= Beginning of Section =
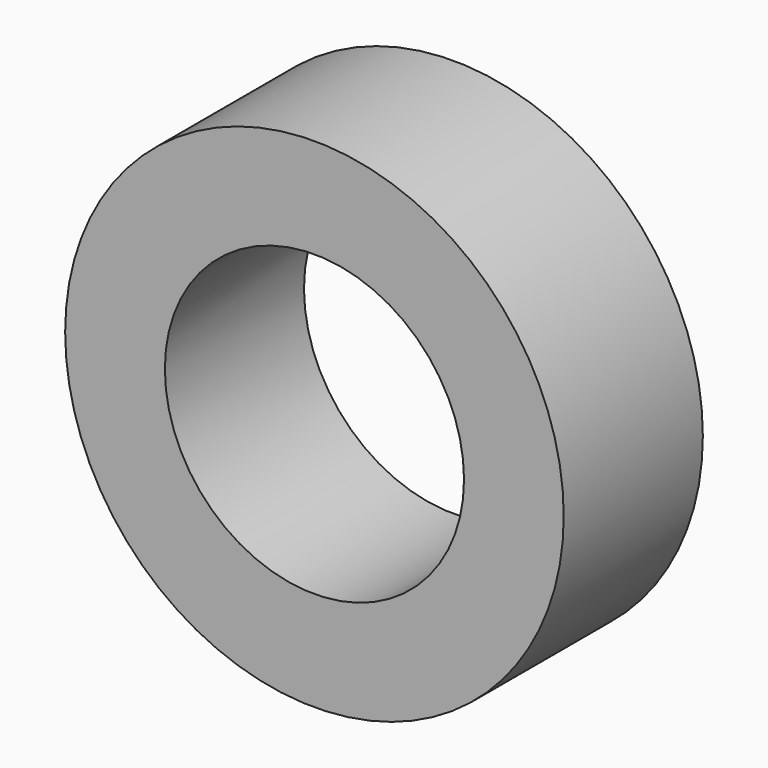
from build123d import *

# Parameters (mm, degrees)
F0_R          = 3.96875
F1_DEPTH      = 2.7686
F2_R          = 2.38125
F3_DEPTH      = 25.4
F3_DEPTH_BACK = 13


# Not quite as in the source:
# - an extrude ends at something that could not be found from the text; its depth is read off the source's solid


with BuildPart() as f1:
    # F0 (on Front) → F1 (new body)
    with BuildSketch(Plane.XZ):
        Circle(F0_R)
    extrude(amount=F1_DEPTH)

    # F2 (on face) → F3 (cut, two sides)
    with BuildSketch(Plane.XZ.offset(2.7686)) as f3_sk:
        Circle(F2_R)
    extrude(amount=-F3_DEPTH, mode=Mode.SUBTRACT)
    extrude(f3_sk.sketch, amount=F3_DEPTH_BACK, mode=Mode.SUBTRACT)


solid = f1.part
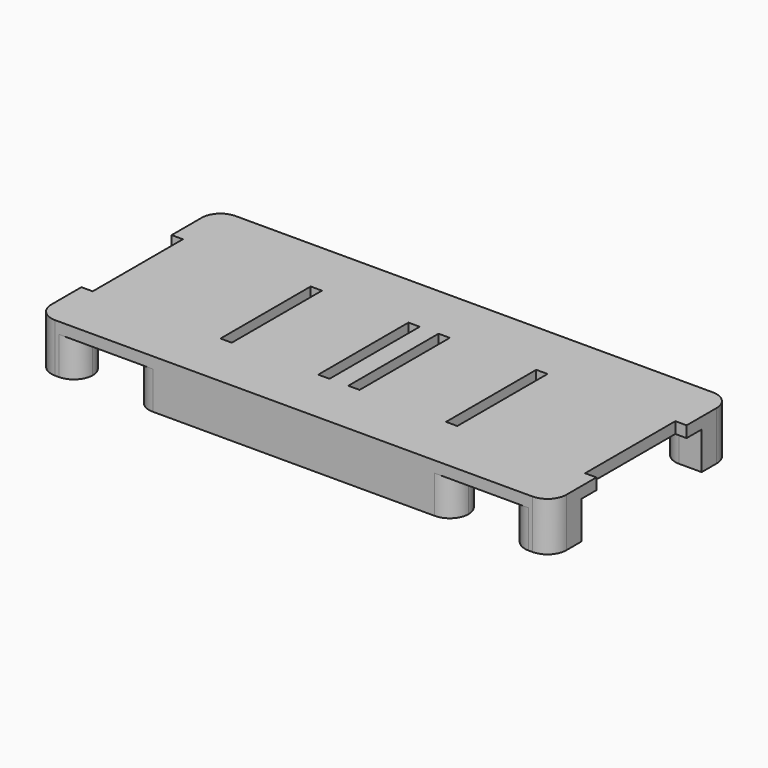
from build123d import *

# Parameters (mm, degrees)
F0_W     = 150
F0_H     = 60
F1_DEPTH = 3
F2_W     = 3
F2_H     = 30
F3_DEPTH = 25
F4_W     = 6.5
F4_H     = 60
F5_DEPTH = 25
F6_W     = 85
F6_H     = 10
F6_W_2   = 11
F7_DEPTH = 10
F8_R     = 4.99999


# Not quite as in the source:
# - a fillet or chamfer is up to 0.001 mm smaller than in the source, because OpenCascade refuses the exact size


with BuildPart() as f1:
    # F0 (on Top) → F1 (new body)
    with BuildSketch(Plane.XY):
        Rectangle(F0_W, F0_H)
    extrude(amount=F1_DEPTH)

    # F2 (on Top) → F3 (cut)
    with BuildSketch(Plane.XY):
        with Locations((-4, 0)):
            Rectangle(F2_W, F2_H)
        with Locations((4, 0)):
            Rectangle(F2_W, F2_H)
        with Locations((67, 0)):
            Rectangle(F2_W, F2_H)
        with Locations((-67, 0)):
            Rectangle(F2_W, F2_H)
        with Locations((-30, 0)):
            Rectangle(F2_W, F2_H)
        with Locations((30, 0)):
            Rectangle(F2_W, F2_H)
    extrude(amount=F3_DEPTH, mode=Mode.SUBTRACT)

    # F4 (on Top) → F5 (cut)
    with BuildSketch(Plane.XY):
        with Locations((71.75, 0)):
            Rectangle(F4_W, F4_H)
        with Locations((-71.75, 0)):
            Rectangle(F4_W, F4_H)
    extrude(amount=F5_DEPTH, mode=Mode.SUBTRACT)

    # F6 (on Top) → F7 (join)
    with BuildSketch(Plane.XY):
        with Locations((0, 25)):
            Rectangle(F6_W, F6_H)
        with Locations((0, -25)):
            Rectangle(F6_W, F6_H)
        with Locations((63, 25)):
            Rectangle(F6_W_2, F6_H)
        with Locations((63, -25)):
            Rectangle(F6_W_2, F6_H)
        with Locations((-63, -25)):
            Rectangle(F6_W_2, F6_H)
        with Locations((-63, 25)):
            Rectangle(F6_W_2, F6_H)
    extrude(amount=-F7_DEPTH)

    # F8 (radius 5 in the source; OpenCascade refuses exactly that, so slightly less here)
    f8_edges = [f1.edges().sort_by_distance(p)[0] for p in [
        (-68.5, -30, -3.5),
        (-68.5, 30, -3.5),
        (68.5, 30, -3.5),
        (68.5, -30, -3.5),
        (42.5, 30, -5),
        (42.5, 20, -5),
        (42.5, -20, -5),
        (42.5, -30, -5),
        (57.5, 30, -5),
        (57.5, 20, -5),
        (57.5, -20, -5),
        (57.5, -30, -5),
        (-42.5, 30, -5),
        (-42.5, 20, -5),
        (-42.5, -20, -5),
        (-42.5, -30, -5),
        (-57.5, 30, -5),
        (-57.5, 20, -5),
        (-57.5, -20, -5),
        (-57.5, -30, -5),
    ]]
    fillet(f8_edges, radius=F8_R)


solid = f1.part
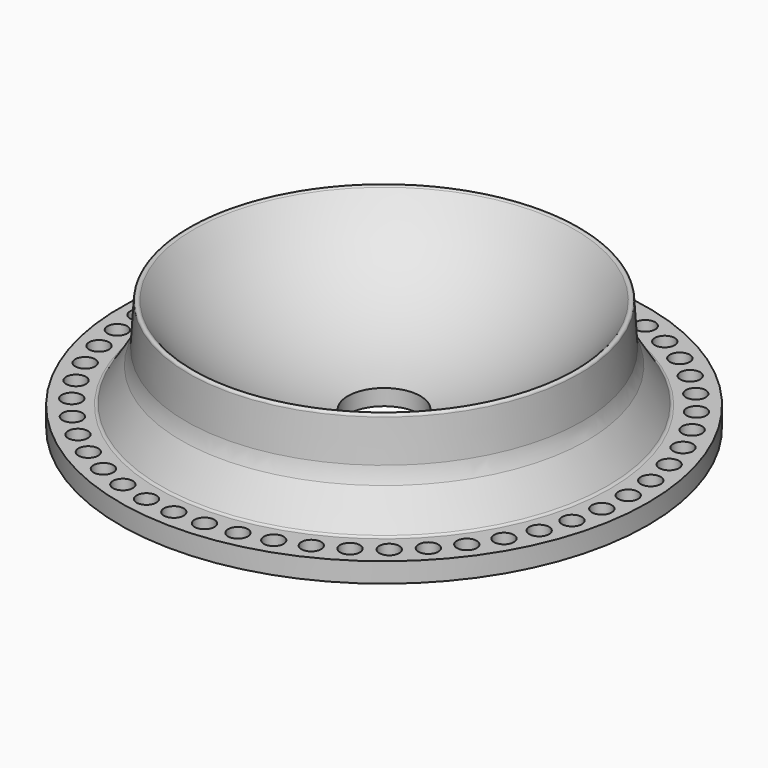
from build123d import *

# Parameters (mm, degrees)
F2_R            = 0.4
F3_R            = 5
F4_R            = 0.5
F5_R            = 5.5
F6_DEPTH        = 2.4321027845
F7_R            = 1.5
F8_DEPTH        = 3
F8_COPIES_COUNT = 50


# Not quite as in the source:
# - a pattern or mirror of a feature is missing from the dataset's text; its kind, count and spacing are read off the source's solid


with BuildPart() as f1:
    # F0 (on Front) → F1 (revolve)
    with BuildSketch(Plane.XZ):
        with BuildLine():
            Line((0, 2), (0, 0))
            Line((0, 0), (40, 0))
            Line((40, 0), (40, 3))
            Line((40, 3), (34, 3))
            Line((34, 3), (30.0883166492, 9.3437703326))
            Line((30.0883166492, 9.3437703326), (29.5567251231, 18))
            ThreePointArc((29.5567251231, 18), (16.8047612301, 6.2566432227), (0, 2))
        make_face()
    revolve(axis=Axis((0, 0, 1), (0, 0, -1)))

    # F2
    f2_edges = [f1.edges().sort_by_distance(p)[0] for p in [
        (-29.556725, 0, 18),
    ]]
    fillet(f2_edges, radius=F2_R)

    # F3
    f3_edges = [f1.edges().sort_by_distance(p)[0] for p in [
        (-30.088317, 0, 9.34377),
    ]]
    fillet(f3_edges, radius=F3_R)

    # F4
    f4_edges = [f1.edges().sort_by_distance(p)[0] for p in [
        (-34, 0, 3),
    ]]
    fillet(f4_edges, radius=F4_R)

    # F5 (on face) → F6 (cut, through all)
    with BuildSketch(Plane(origin=(0, 0, 0), x_dir=(1, 0, 0), z_dir=(0, 0, -1))):
        Circle(F5_R)
    extrude(amount=-F6_DEPTH, mode=Mode.SUBTRACT)

    # F7 (on face) → F8 (cut, through all)
    with BuildSketch(Plane.XY.offset(3)):
        with Locations((37, 0)):
            Circle(F7_R)
    f8 = extrude(amount=-F8_DEPTH, mode=Mode.SUBTRACT)

    # F8_copies: F8 ×50 about axis
    f8_copies_axis = Axis((0, 0, 0), (0, 0, 1))
    for i in range(1, F8_COPIES_COUNT):
        add(f8.rotate(f8_copies_axis, i * 360 / F8_COPIES_COUNT), mode=Mode.SUBTRACT)


solid = f1.part
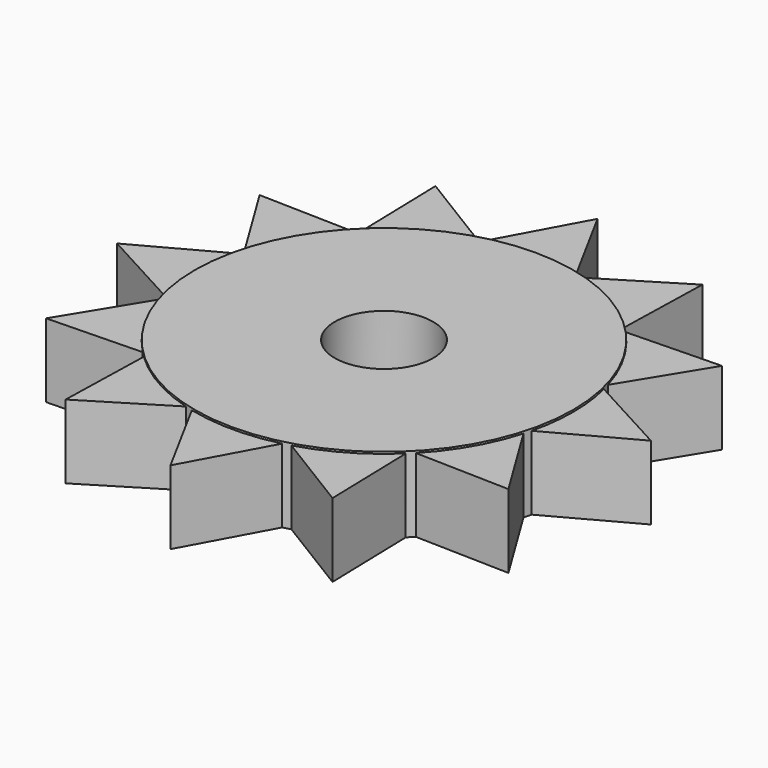
from build123d import *

# Parameters (mm, degrees)
F0_R            = 50
F1_DEPTH        = 20
F2_R            = 13
F3_DEPTH        = 20
F5_DEPTH        = 19.5
F5_COPIES_COUNT = 12


# Not quite as in the source:
# - a pattern or mirror of a feature is missing from the dataset's text; its kind, count and spacing are read off the source's solid


with BuildPart() as f1:
    # F0 (on Top) → F1 (new body)
    with BuildSketch(Plane.XY):
        Circle(F0_R)
    extrude(amount=F1_DEPTH)

    # F2 (on Top) → F3 (cut)
    with BuildSketch(Plane.XY):
        Circle(F2_R)
    extrude(amount=F3_DEPTH, mode=Mode.SUBTRACT)

    # F4 (on Top) → F5 (join)
    with BuildSketch(Plane.XY):
        with BuildLine():
            Line((0, 70.5249483342), (-11.9310349513, 48.55564236))
            ThreePointArc((-11.9310349513, 48.55564236), (0, 50), (11.9310349513, 48.55564236))
            Line((11.9310349513, 48.55564236), (0, 70.5249483342))
        make_face()
    f5 = extrude(amount=F5_DEPTH)

    # F5_copies: F5 ×12 about axis
    f5_copies_axis = Axis((0, 0, 0), (0, 0, 1))
    for i in range(1, F5_COPIES_COUNT):
        add(f5.rotate(f5_copies_axis, i * 360 / F5_COPIES_COUNT))


solid = f1.part
= End of Section =
§ WHAT THE TASK ASKS: If a record holds a picture, leave the picture out and print everything else exactly.

§ SOLUTION:
from build123d import *

# Parameters (mm, degrees)
F0_R          = 3.96875
F1_DEPTH      = 2.7686
F2_R          = 2.38125
F3_DEPTH      = 25.4
F3_DEPTH_BACK = 13


# Not quite as in the source:
# - an extrude ends at something that could not be found from the text; its depth is read off the source's solid


with BuildPart() as f1:
    # F0 (on Front) → F1 (new body)
    with BuildSketch(Plane.XZ):
        Circle(F0_R)
    extrude(amount=F1_DEPTH)

    # F2 (on face) → F3 (cut, two sides)
    with BuildSketch(Plane.XZ.offset(2.7686)) as f3_sk:
        Circle(F2_R)
    extrude(amount=-F3_DEPTH, mode=Mode.SUBTRACT)
    extrude(f3_sk.sketch, amount=F3_DEPTH_BACK, mode=Mode.SUBTRACT)


solid = f1.part
from build123d import *

# Parameters (mm, degrees)
F0_W     = 150
F0_H     = 60
F1_DEPTH = 3
F2_W     = 3
F2_H     = 30
F3_DEPTH = 25
F4_W     = 6.5
F4_H     = 60
F5_DEPTH = 25
F6_W     = 85
F6_H     = 10
F6_W_2   = 11
F7_DEPTH = 10
F8_R     = 4.99999


# Not quite as in the source:
# - a fillet or chamfer is up to 0.001 mm smaller than in the source, because OpenCascade refuses the exact size


with BuildPart() as f1:
    # F0 (on Top) → F1 (new body)
    with BuildSketch(Plane.XY):
        Rectangle(F0_W, F0_H)
    extrude(amount=F1_DEPTH)

    # F2 (on Top) → F3 (cut)
    with BuildSketch(Plane.XY):
        with Locations((-4, 0)):
            Rectangle(F2_W, F2_H)
        with Locations((4, 0)):
            Rectangle(F2_W, F2_H)
        with Locations((67, 0)):
            Rectangle(F2_W, F2_H)
        with Locations((-67, 0)):
            Rectangle(F2_W, F2_H)
        with Locations((-30, 0)):
            Rectangle(F2_W, F2_H)
        with Locations((30, 0)):
            Rectangle(F2_W, F2_H)
    extrude(amount=F3_DEPTH, mode=Mode.SUBTRACT)

    # F4 (on Top) → F5 (cut)
    with BuildSketch(Plane.XY):
        with Locations((71.75, 0)):
            Rectangle(F4_W, F4_H)
        with Locations((-71.75, 0)):
            Rectangle(F4_W, F4_H)
    extrude(amount=F5_DEPTH, mode=Mode.SUBTRACT)

    # F6 (on Top) → F7 (join)
    with BuildSketch(Plane.XY):
        with Locations((0, 25)):
            Rectangle(F6_W, F6_H)
        with Locations((0, -25)):
            Rectangle(F6_W, F6_H)
        with Locations((63, 25)):
            Rectangle(F6_W_2, F6_H)
        with Locations((63, -25)):
            Rectangle(F6_W_2, F6_H)
        with Locations((-63, -25)):
            Rectangle(F6_W_2, F6_H)
        with Locations((-63, 25)):
            Rectangle(F6_W_2, F6_H)
    extrude(amount=-F7_DEPTH)

    # F8 (radius 5 in the source; OpenCascade refuses exactly that, so slightly less here)
    f8_edges = [f1.edges().sort_by_distance(p)[0] for p in [
        (-68.5, -30, -3.5),
        (-68.5, 30, -3.5),
        (68.5, 30, -3.5),
        (68.5, -30, -3.5),
        (42.5, 30, -5),
        (42.5, 20, -5),
        (42.5, -20, -5),
        (42.5, -30, -5),
        (57.5, 30, -5),
        (57.5, 20, -5),
        (57.5, -20, -5),
        (57.5, -30, -5),
        (-42.5, 30, -5),
        (-42.5, 20, -5),
        (-42.5, -20, -5),
        (-42.5, -30, -5),
        (-57.5, 30, -5),
        (-57.5, 20, -5),
        (-57.5, -20, -5),
        (-57.5, -30, -5),
    ]]
    fillet(f8_edges, radius=F8_R)


solid = f1.part
from build123d import *

# Parameters (mm, degrees)
F2_R            = 0.4
F3_R            = 5
F4_R            = 0.5
F5_R            = 5.5
F6_DEPTH        = 2.4321027845
F7_R            = 1.5
F8_DEPTH        = 3
F8_COPIES_COUNT = 50


# Not quite as in the source:
# - a pattern or mirror of a feature is missing from the dataset's text; its kind, count and spacing are read off the source's solid


with BuildPart() as f1:
    # F0 (on Front) → F1 (revolve)
    with BuildSketch(Plane.XZ):
        with BuildLine():
            Line((0, 2), (0, 0))
            Line((0, 0), (40, 0))
            Line((40, 0), (40, 3))
            Line((40, 3), (34, 3))
            Line((34, 3), (30.0883166492, 9.3437703326))
            Line((30.0883166492, 9.3437703326), (29.5567251231, 18))
            ThreePointArc((29.5567251231, 18), (16.8047612301, 6.2566432227), (0, 2))
        make_face()
    revolve(axis=Axis((0, 0, 1), (0, 0, -1)))

    # F2
    f2_edges = [f1.edges().sort_by_distance(p)[0] for p in [
        (-29.556725, 0, 18),
    ]]
    fillet(f2_edges, radius=F2_R)

    # F3
    f3_edges = [f1.edges().sort_by_distance(p)[0] for p in [
        (-30.088317, 0, 9.34377),
    ]]
    fillet(f3_edges, radius=F3_R)

    # F4
    f4_edges = [f1.edges().sort_by_distance(p)[0] for p in [
        (-34, 0, 3),
    ]]
    fillet(f4_edges, radius=F4_R)

    # F5 (on face) → F6 (cut, through all)
    with BuildSketch(Plane(origin=(0, 0, 0), x_dir=(1, 0, 0), z_dir=(0, 0, -1))):
        Circle(F5_R)
    extrude(amount=-F6_DEPTH, mode=Mode.SUBTRACT)

    # F7 (on face) → F8 (cut, through all)
    with BuildSketch(Plane.XY.offset(3)):
        with Locations((37, 0)):
            Circle(F7_R)
    f8 = extrude(amount=-F8_DEPTH, mode=Mode.SUBTRACT)

    # F8_copies: F8 ×50 about axis
    f8_copies_axis = Axis((0, 0, 0), (0, 0, 1))
    for i in range(1, F8_COPIES_COUNT):
        add(f8.rotate(f8_copies_axis, i * 360 / F8_COPIES_COUNT), mode=Mode.SUBTRACT)


solid = f1.part
from build123d import *

# Parameters (mm, degrees)
F0_R            = 50
F1_DEPTH        = 20
F2_R            = 13
F3_DEPTH        = 20
F5_DEPTH        = 19.5
F5_COPIES_COUNT = 12


# Not quite as in the source:
# - a pattern or mirror of a feature is missing from the dataset's text; its kind, count and spacing are read off the source's solid


with BuildPart() as f1:
    # F0 (on Top) → F1 (new body)
    with BuildSketch(Plane.XY):
        Circle(F0_R)
    extrude(amount=F1_DEPTH)

    # F2 (on Top) → F3 (cut)
    with BuildSketch(Plane.XY):
        Circle(F2_R)
    extrude(amount=F3_DEPTH, mode=Mode.SUBTRACT)

    # F4 (on Top) → F5 (join)
    with BuildSketch(Plane.XY):
        with BuildLine():
            Line((0, 70.5249483342), (-11.9310349513, 48.55564236))
            ThreePointArc((-11.9310349513, 48.55564236), (0, 50), (11.9310349513, 48.55564236))
            Line((11.9310349513, 48.55564236), (0, 70.5249483342))
        make_face()
    f5 = extrude(amount=F5_DEPTH)

    # F5_copies: F5 ×12 about axis
    f5_copies_axis = Axis((0, 0, 0), (0, 0, 1))
    for i in range(1, F5_COPIES_COUNT):
        add(f5.rotate(f5_copies_axis, i * 360 / F5_COPIES_COUNT))


solid = f1.part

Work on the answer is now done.